Sonst keiner von euch dabei?|kopfkrat


----------



## Tino (10. November 2005)

*AW: 1. Biber Advents Cup*

Hallo Leute 

Ich und ein Freund von mir nehmen auch dran teil und haben uns auch schon angemeldet. 
Also übt noch schön bis dahin.


----------



## Meeresangler_Schwerin (10. November 2005)

*AW: 1. Biber Advents Cup*

Super Tino das freut mich. Der Biber gibt bestimmt n Bier aus.


----------



## Kalli Karpfen (10. November 2005)

*AW: 1. Biber Advents Cup*

Das könnte passieren,Jörg. Aber nicht das du die hälfte wieder stehen läßt wenn du schon mal einen ausgegeben bekommst!|supergri |supergri |supergri


----------



## Meeresangler_Schwerin (20. November 2005)

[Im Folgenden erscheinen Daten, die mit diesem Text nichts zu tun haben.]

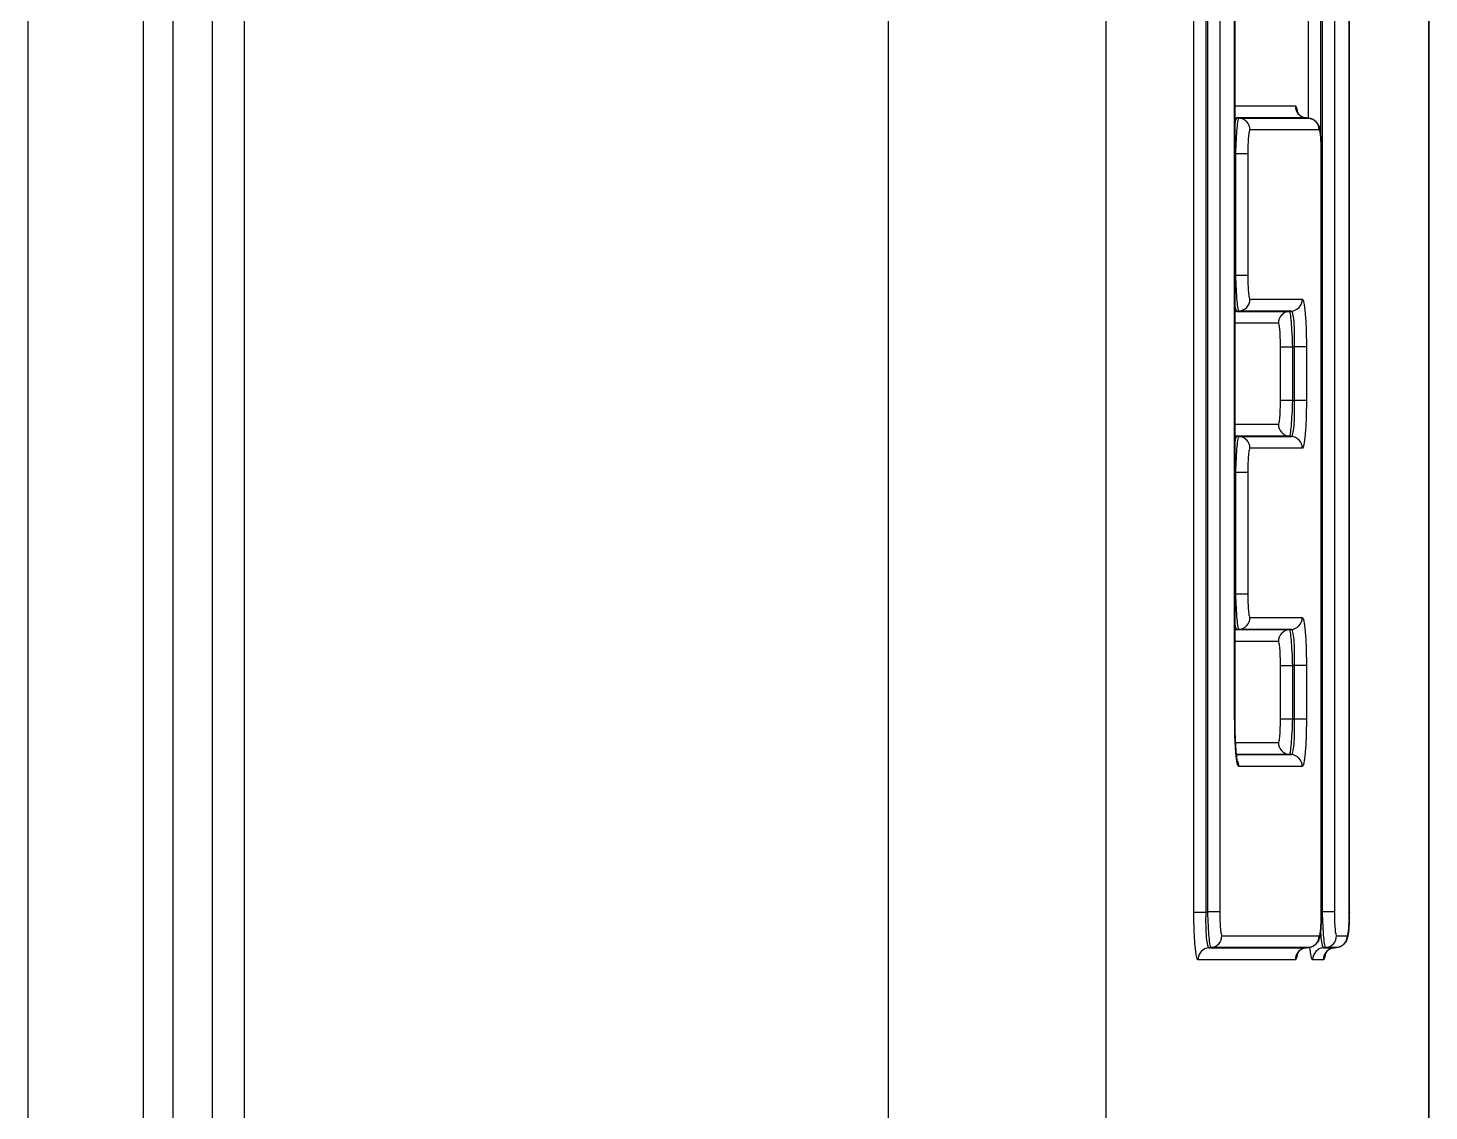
# Model space of a CAD drawing. Header units: inches. Extents: x -883 to 808, y -248 to 1051.
# Drawn here: x -391.828 to -387.213, y 675.972 to 679.539 of the extents above; entities that cross this region are included whole.
import ezdxf

# ---------------------------------------------------------------- set-up
doc = ezdxf.new("R2010")
doc.units = ezdxf.units.IN
doc.header["$MEASUREMENT"] = 0
doc.layers.get('0').update_dxf_attribs({"linetype": 'CONTINUOUS'})
doc.layers.add('EQUIPMENT - COMPRESSORS', color=41, linetype='CONTINUOUS')

# ---------------------------------------------------------------- blocks, each defined once
blk = doc.blocks.new('A$Cb802d3fd')
for p, q in [((33.1015, 9.3457), (46.842, 9.3457)), ((33.1017, 9.3457), (46.8418, 9.3457)), ((33.1017, 8.9654), (46.8418, 8.9654)), ((46.1053, 8.869), (33.8382, 8.869)), ((35.7335, 8.7376), (44.21, 8.7376)), ((44.21, 8.6338), (35.7335, 8.6338)), ((34.719, 6.5106), (45.2245, 6.5106)), ((45.2245, 5.7949), (34.719, 5.7949)), ((36.5916, 5.5049), (43.3519, 5.5049)), ((36.5916, 5.5049), (36.5916, 5.4656)), ((36.4347, 5.1703), (36.4347, 5.491)), ((36.4745, 5.4484), (36.4739, 5.4552)), ((36.4739, 5.4552), (36.4739, 5.1345)), ((36.4745, 5.1277), (36.4745, 5.4484)), ((36.5916, 5.4656), (36.5916, 5.4656)), ((43.3519, 5.4656), (36.5916, 5.4656)), ((36.5916, 5.4656), (36.5922, 5.4587)), ((36.5922, 5.4587), (36.5922, 5.4587)), ((36.5922, 5.4195), (36.5922, 5.4587)), ((36.5922, 5.4587), (43.3513, 5.4587)), ((36.5137, 5.4126), (36.5137, 5.0919)), ((43.3513, 5.4195), (36.5922, 5.4195)), ((37.0711, 5.1479), (37.0711, 5.3566)), ((37.1103, 5.3654), (37.1103, 5.1837)), ((37.1109, 5.1906), (37.1109, 5.3654)), ((37.1501, 5.3684), (37.1501, 5.2264)), ((37.228, 5.3704), (43.3513, 5.3704)), ((37.228, 5.3702), (37.228, 5.3704)), ((37.228, 5.3702), (37.228, 5.3702)), ((43.3513, 5.3702), (37.228, 5.3702)), ((37.4827, 5.2264), (37.4827, 5.3702)), ((37.5225, 5.3561), (37.5219, 5.363)), ((37.5219, 5.363), (37.5219, 5.1906)), ((37.5225, 5.1837), (37.5225, 5.3561)), ((37.6399, 5.3702), (37.6402, 5.3664)), ((37.6402, 5.3664), (37.6402, 5.3664)), ((37.6402, 5.3664), (37.6402, 5.3272)), ((37.6402, 5.3664), (38.0411, 5.3664)), ((38.0411, 5.3664), (38.0414, 5.3702)), ((38.0411, 5.3664), (38.0411, 5.3272)), ((38.0411, 5.3664), (38.0411, 5.3664)), ((38.1593, 5.363), (38.1587, 5.3561)), ((38.1587, 5.3561), (38.1587, 5.1837)), ((38.1593, 5.1906), (38.1593, 5.363)), ((38.1986, 5.3702), (38.1986, 5.2264)), ((38.5311, 5.2264), (38.5311, 5.3702)), ((38.571, 5.3561), (38.5704, 5.363)), ((38.5704, 5.363), (38.5704, 5.1906)), ((38.571, 5.1837), (38.571, 5.3561)), ((38.6883, 5.3702), (38.6886, 5.3664)), ((38.6886, 5.3664), (38.6886, 5.3664)), ((38.6886, 5.3272), (38.6886, 5.3664)), ((38.6886, 5.3664), (39.0895, 5.3664)), ((39.0895, 5.3664), (39.0898, 5.3702)), ((39.0895, 5.3272), (39.0895, 5.3664)), ((39.0895, 5.3664), (39.0895, 5.3664)), ((39.2078, 5.363), (39.2072, 5.3561)), ((39.2072, 5.3561), (39.2072, 5.1277)), ((39.2078, 5.1345), (39.2078, 5.363)), ((39.247, 5.3702), (39.247, 5.1703)), ((37.5618, 5.3203), (37.5618, 5.1479)), ((38.0411, 5.3272), (37.6402, 5.3272)), ((38.1195, 5.1479), (38.1195, 5.3203)), ((38.6102, 5.3203), (38.6102, 5.1479)), ((39.0895, 5.3272), (38.6886, 5.3272)), ((39.168, 5.0919), (39.168, 5.3203)), ((37.2286, 5.2195), (37.4043, 5.2195)), ((37.2286, 5.2195), (37.2286, 5.1802)), ((37.4043, 5.2195), (37.4043, 5.1802)), ((38.277, 5.2195), (38.4527, 5.2195)), ((38.277, 5.1802), (38.277, 5.2195)), ((38.4527, 5.1802), (38.4527, 5.2195)), ((37.1103, 5.1837), (37.1109, 5.1906)), ((37.2286, 5.1802), (37.228, 5.1733)), ((37.228, 5.1733), (37.4049, 5.1733)), ((37.228, 5.1733), (37.228, 5.1341)), ((37.4043, 5.1802), (37.2286, 5.1802)), ((37.4049, 5.1733), (37.4043, 5.1802)), ((37.4049, 5.1733), (37.4049, 5.1341)), ((37.5219, 5.1906), (37.5225, 5.1837)), ((38.1587, 5.1837), (38.1593, 5.1906)), ((38.277, 5.1802), (38.2764, 5.1733)), ((38.2764, 5.1733), (38.4533, 5.1733)), ((38.2764, 5.1341), (38.2764, 5.1733)), ((38.4527, 5.1802), (38.277, 5.1802)), ((38.4533, 5.1733), (38.4527, 5.1802)), ((38.4533, 5.1341), (38.4533, 5.1733)), ((38.5704, 5.1906), (38.571, 5.1837)), ((36.4574, 5.1631), (36.4573, 5.1631)), ((36.4739, 5.1345), (36.4745, 5.1277)), ((36.4739, 5.1344), (36.4739, 5.1344)), ((36.4739, 5.1344), (36.4745, 5.1276)), ((37.4049, 5.1341), (37.228, 5.1341)), ((38.4533, 5.1341), (38.2764, 5.1341)), ((39.2071, 5.1272), (39.6194, 5.1272)), ((39.2072, 5.1277), (39.2078, 5.1345)), ((39.2078, 5.1344), (39.2072, 5.1276)), ((39.2078, 5.1344), (39.2078, 5.1344)), ((39.2243, 5.1631), (39.2243, 5.1631)), ((36.4347, 5.078), (36.4347, 5.1134)), ((36.4745, 5.0707), (36.4739, 5.0776)), ((36.4739, 5.0776), (36.4739, 5.0422)), ((36.5918, 5.0848), (36.5922, 5.0811)), ((36.5922, 5.085), (39.0895, 5.085)), ((36.5922, 5.0848), (36.5922, 5.085)), ((39.0895, 5.0848), (36.5922, 5.0848)), ((36.5922, 5.0811), (42.7151, 5.0811)), ((36.5922, 5.0418), (36.5922, 5.0811)), ((39.0895, 5.085), (39.0895, 5.0848)), ((39.0895, 5.0848), (39.0895, 5.0848)), ((39.6691, 5.0879), (39.1575, 5.0879)), ((36.4478, 5.0757), (36.4479, 5.0757)), ((36.4574, 5.0708), (36.4573, 5.0708)), ((36.4739, 5.0422), (36.4745, 5.0354)), ((36.4739, 5.0422), (36.4739, 5.0422)), ((36.4739, 5.0422), (36.4745, 5.0353)), ((36.4745, 5.0354), (36.4745, 5.0707)), ((36.4747, 5.0688), (36.4747, 5.0688)), ((36.4998, 5.0757), (36.4998, 5.0757)), ((36.5137, 5.0349), (36.5137, 4.9996)), ((42.7151, 5.0418), (36.5922, 5.0418)), ((36.5922, 4.9927), (43.3513, 4.9927)), ((36.5922, 4.9927), (36.5922, 4.9926)), ((36.5922, 4.9926), (43.3513, 4.9926)), ((34.6078, 4.7306), (45.3357, 4.7306)), ((45.3357, 4.7302), (34.6078, 4.7302))]:
    blk.add_line(p, q)
for centre, major_axis, start_param, end_param in [((36.4347, 5.4518), (0.0394, 0), 0.087266, 1.570796), ((36.5137, 5.4518), (-0.0394, 0), 0.087266, 1.570796), ((37.0711, 5.3958), (0.0394, 0), 4.712389, 5.284952), ((37.0711, 5.3958), (0.0394, 0), 5.325917, 5.326412), ((37.4827, 5.3596), (0.0394, 0), 0.087266, 0.275286), ((37.5618, 5.3595), (-0.0394, 0), 0.087266, 1.570796), ((38.1195, 5.3595), (0.0394, 0), 4.712389, 6.195919), ((38.1986, 5.3596), (-0.0394, 0), 6.007899, 6.195919), ((38.5311, 5.3596), (0.0394, 0), 0.087266, 0.275286), ((38.6102, 5.3595), (-0.0394, 0), 0.087266, 1.570796), ((39.168, 5.3595), (0.0394, 0), 4.712389, 6.195919), ((39.247, 5.3596), (-0.0394, 0), 6.007899, 6.195919), ((37.1501, 5.1872), (-0.0394, 0), 4.712389, 6.195919), ((37.4827, 5.1872), (0.0394, 0), 0.087266, 1.570796), ((38.1986, 5.1872), (-0.0394, 0), 4.712389, 6.195919), ((38.5311, 5.1872), (0.0394, 0), 0.087266, 1.570796), ((36.4347, 5.1311), (0.0394, 0), 0.087266, 1.570796), ((37.0711, 5.1871), (0.0394, 0), 4.712389, 6.195919), ((37.5618, 5.1871), (-0.0394, 0), 0.087266, 1.570796), ((38.1195, 5.1871), (0.0394, 0), 4.712389, 6.195919), ((38.6102, 5.1871), (-0.0394, 0), 0.087266, 1.570796), ((39.247, 5.1311), (-0.0394, 0), 4.712389, 6.195919), ((36.5137, 5.1311), (-0.0394, 0), 0.087266, 1.570796), ((39.168, 5.1311), (0.0394, 0), 4.712389, 6.195919), ((36.4347, 5.0742), (0.0394, 0), 0.087266, 1.570796), ((36.4347, 5.0388), (0.0394, 0), 0.087266, 1.570796), ((36.5137, 5.0741), (-0.0394, 0), 0.087266, 1.570796), ((36.5137, 5.0388), (-0.0394, 0), 0.087266, 1.570796)]:
    blk.add_ellipse(centre, major_axis=major_axis, ratio=0.99612, start_param=start_param, end_param=end_param)
for points, knots in [([(36.4347, 5.491), (36.4347, 5.4929), (36.4388, 5.4947), (36.4466, 5.4963), (36.4544, 5.498), (36.4661, 5.4995), (36.4806, 5.5008), (36.4951, 5.5021), (36.5125, 5.5031), (36.5314, 5.5038), (36.5504, 5.5045), (36.571, 5.5049), (36.5916, 5.5049)], [2.359993, 2.359993, 2.359993, 2.359993, 2.750793, 2.750793, 2.750793, 3.141593, 3.141593, 3.141593, 3.532393, 3.532393, 3.532393, 3.923193, 3.923193, 3.923193, 3.923193]), ([(36.5916, 5.4656), (36.5761, 5.466), (36.5606, 5.4661), (36.5464, 5.4659), (36.5321, 5.4656), (36.5191, 5.4649), (36.5082, 5.464), (36.4973, 5.463), (36.4886, 5.4618), (36.4828, 5.4603), (36.4769, 5.4588), (36.4739, 5.4571), (36.4739, 5.4552)], [2.359993, 2.359993, 2.359993, 2.359993, 2.750793, 2.750793, 2.750793, 3.141593, 3.141593, 3.141593, 3.532393, 3.532393, 3.532393, 3.923193, 3.923193, 3.923193, 3.923193]), ([(36.4745, 5.4484), (36.4745, 5.4493), (36.4776, 5.4503), (36.4835, 5.4513), (36.4894, 5.4523), (36.4982, 5.4533), (36.509, 5.4543), (36.5199, 5.4552), (36.5329, 5.4561), (36.5472, 5.4569), (36.5614, 5.4576), (36.5768, 5.4583), (36.5922, 5.4587)], [2.359993, 2.359993, 2.359993, 2.359993, 2.750793, 2.750793, 2.750793, 3.141593, 3.141593, 3.141593, 3.532393, 3.532393, 3.532393, 3.923193, 3.923193, 3.923193, 3.923193]), ([(36.5922, 5.4195), (36.5819, 5.4195), (36.5716, 5.4193), (36.5621, 5.4189), (36.5526, 5.4186), (36.5439, 5.4181), (36.5367, 5.4174), (36.5294, 5.4168), (36.5236, 5.416), (36.5197, 5.4152), (36.5158, 5.4144), (36.5137, 5.4135), (36.5137, 5.4126)], [2.359993, 2.359993, 2.359993, 2.359993, 2.750793, 2.750793, 2.750793, 3.141593, 3.141593, 3.141593, 3.532393, 3.532393, 3.532393, 3.923193, 3.923193, 3.923193, 3.923193]), ([(37.0711, 5.3566), (37.0711, 5.3584), (37.0752, 5.3602), (37.083, 5.3619), (37.0909, 5.3635), (37.1025, 5.3651), (37.117, 5.3663), (37.1315, 5.3676), (37.1489, 5.3686), (37.1679, 5.3693), (37.1868, 5.37), (37.2074, 5.3704), (37.228, 5.3704)], [2.359993, 2.359993, 2.359993, 2.359993, 2.750793, 2.750793, 2.750793, 3.141593, 3.141593, 3.141593, 3.532393, 3.532393, 3.532393, 3.923193, 3.923193, 3.923193, 3.923193]), ([(37.228, 5.3702), (37.2118, 5.3702), (37.1955, 5.37), (37.1646, 5.3691), (37.1498, 5.3684), (37.1243, 5.3668), (37.1131, 5.3658), (37.1008, 5.3642), (37.0974, 5.3637), (37.0924, 5.3629), (37.0906, 5.3625), (37.089, 5.3621), (37.0887, 5.362), (37.0887, 5.362)], [0, 0, 0, 0, 0.1230889, 0.1230889, 0.2476928, 0.2476928, 0.3690798, 0.3690798, 0.4249127, 0.4249127, 0.4734136, 0.4734136, 0.4995399, 0.4995399, 0.4995399, 0.4995399]), ([(37.5428, 5.3702), (37.538, 5.3696), (37.534, 5.3688), (37.5308, 5.368), (37.5249, 5.3665), (37.5219, 5.3648), (37.5219, 5.363)], [3.3192884, 3.3192884, 3.3192884, 3.3192884, 3.5323927, 3.5323927, 3.5323927, 3.9231927, 3.9231927, 3.9231927, 3.9231927]), ([(37.5225, 5.3561), (37.5226, 5.357), (37.5257, 5.358), (37.5316, 5.359), (37.5375, 5.36), (37.5462, 5.3611), (37.5571, 5.362), (37.5679, 5.363), (37.581, 5.3639), (37.5952, 5.3646), (37.6094, 5.3654), (37.6248, 5.366), (37.6402, 5.3664)], [2.359993, 2.359993, 2.359993, 2.359993, 2.750793, 2.750793, 2.750793, 3.141593, 3.141593, 3.141593, 3.532393, 3.532393, 3.532393, 3.923193, 3.923193, 3.923193, 3.923193]), ([(38.0411, 5.3664), (38.0565, 5.366), (38.0719, 5.3654), (38.0861, 5.3646), (38.1003, 5.3639), (38.1133, 5.363), (38.1242, 5.362), (38.1351, 5.3611), (38.1438, 5.36), (38.1497, 5.359), (38.1556, 5.358), (38.1587, 5.357), (38.1587, 5.3561)], [2.359993, 2.359993, 2.359993, 2.359993, 2.750793, 2.750793, 2.750793, 3.141593, 3.141593, 3.141593, 3.532393, 3.532393, 3.532393, 3.923193, 3.923193, 3.923193, 3.923193]), ([(38.1593, 5.363), (38.1594, 5.3648), (38.1564, 5.3665), (38.1505, 5.368), (38.1473, 5.3688), (38.1433, 5.3696), (38.1385, 5.3702)], [2.3599926, 2.3599926, 2.3599926, 2.3599926, 2.7507926, 2.7507926, 2.7507926, 2.9638969, 2.9638969, 2.9638969, 2.9638969]), ([(38.5912, 5.3702), (38.5864, 5.3696), (38.5824, 5.3688), (38.5792, 5.368), (38.5733, 5.3665), (38.5703, 5.3648), (38.5704, 5.363)], [3.3192884, 3.3192884, 3.3192884, 3.3192884, 3.5323927, 3.5323927, 3.5323927, 3.9231927, 3.9231927, 3.9231927, 3.9231927]), ([(38.571, 5.3561), (38.571, 5.357), (38.5741, 5.358), (38.58, 5.359), (38.5859, 5.36), (38.5946, 5.3611), (38.6055, 5.362), (38.6164, 5.363), (38.6294, 5.3639), (38.6436, 5.3646), (38.6578, 5.3654), (38.6732, 5.366), (38.6886, 5.3664)], [2.359993, 2.359993, 2.359993, 2.359993, 2.750793, 2.750793, 2.750793, 3.141593, 3.141593, 3.141593, 3.532393, 3.532393, 3.532393, 3.923193, 3.923193, 3.923193, 3.923193]), ([(39.0895, 5.3664), (39.1049, 5.366), (39.1203, 5.3654), (39.1345, 5.3646), (39.1487, 5.3639), (39.1618, 5.363), (39.1726, 5.362), (39.1835, 5.3611), (39.1922, 5.36), (39.1981, 5.359), (39.204, 5.358), (39.2071, 5.357), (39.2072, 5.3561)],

*AW: 1. Biber Advents Cup*

Hey Leute, ich habe gehört das sich wohl schon einige Boardies angemeldet haben. Wer ist das denn alles? Outet euch doch mal.

Was ist denn nun mit dem Großmann Cup, wir der stattfinden am selben Tag? Hier steht davon nichts und ne Ausschreibung habe ich auch noch nirgends gesehen.


----------



## Agalatze (21. November 2005)

*AW: 1. Biber Advents Cup*

ja der findet statt jörg. werde deshalb auch dort lieber teilnehmen. viel spaß wünsche ich euch natürlich !#6


----------



## a.bu (21. November 2005)

*AW: 1. Biber Advents Cup*

Hallo Jörg ,

der Großmann Cup findet wie immer am ersten Samstag im Dezember statt . Obwohl nicht großartig angekündigt , ist die Veranstaltung fast ausgebucht (weil Kult#6 ) .
Ich finde die Terminüberschneidung auch sehr schade , da der Advents Cup sicher auch eine tolle Veranstaltung wird .
Schade auch deshalb weil es an einem Wochenende im Oktober und einem im November noch keine feste Veranstaltung  gab .

Gruß Andreas


----------



## SteveNord (29. November 2005)

*AW: 1. Biber Advents Cup*

Ich bin auch beim Biber Cup dabei!!!!

@Alex und Jörg: Ich freue mich schon #g

MFG Stephan


----------



## Der Tommi (30. November 2005)

*AW: 1. Biber Advents Cup*

Tach zusammen,

der Boardie flat-elmo und ich sind auch dabei. Gerade angemeldet.
Wird schon lustig werden.

Gruß Tommi#6


----------



## Meeresangler_Schwerin (30. November 2005)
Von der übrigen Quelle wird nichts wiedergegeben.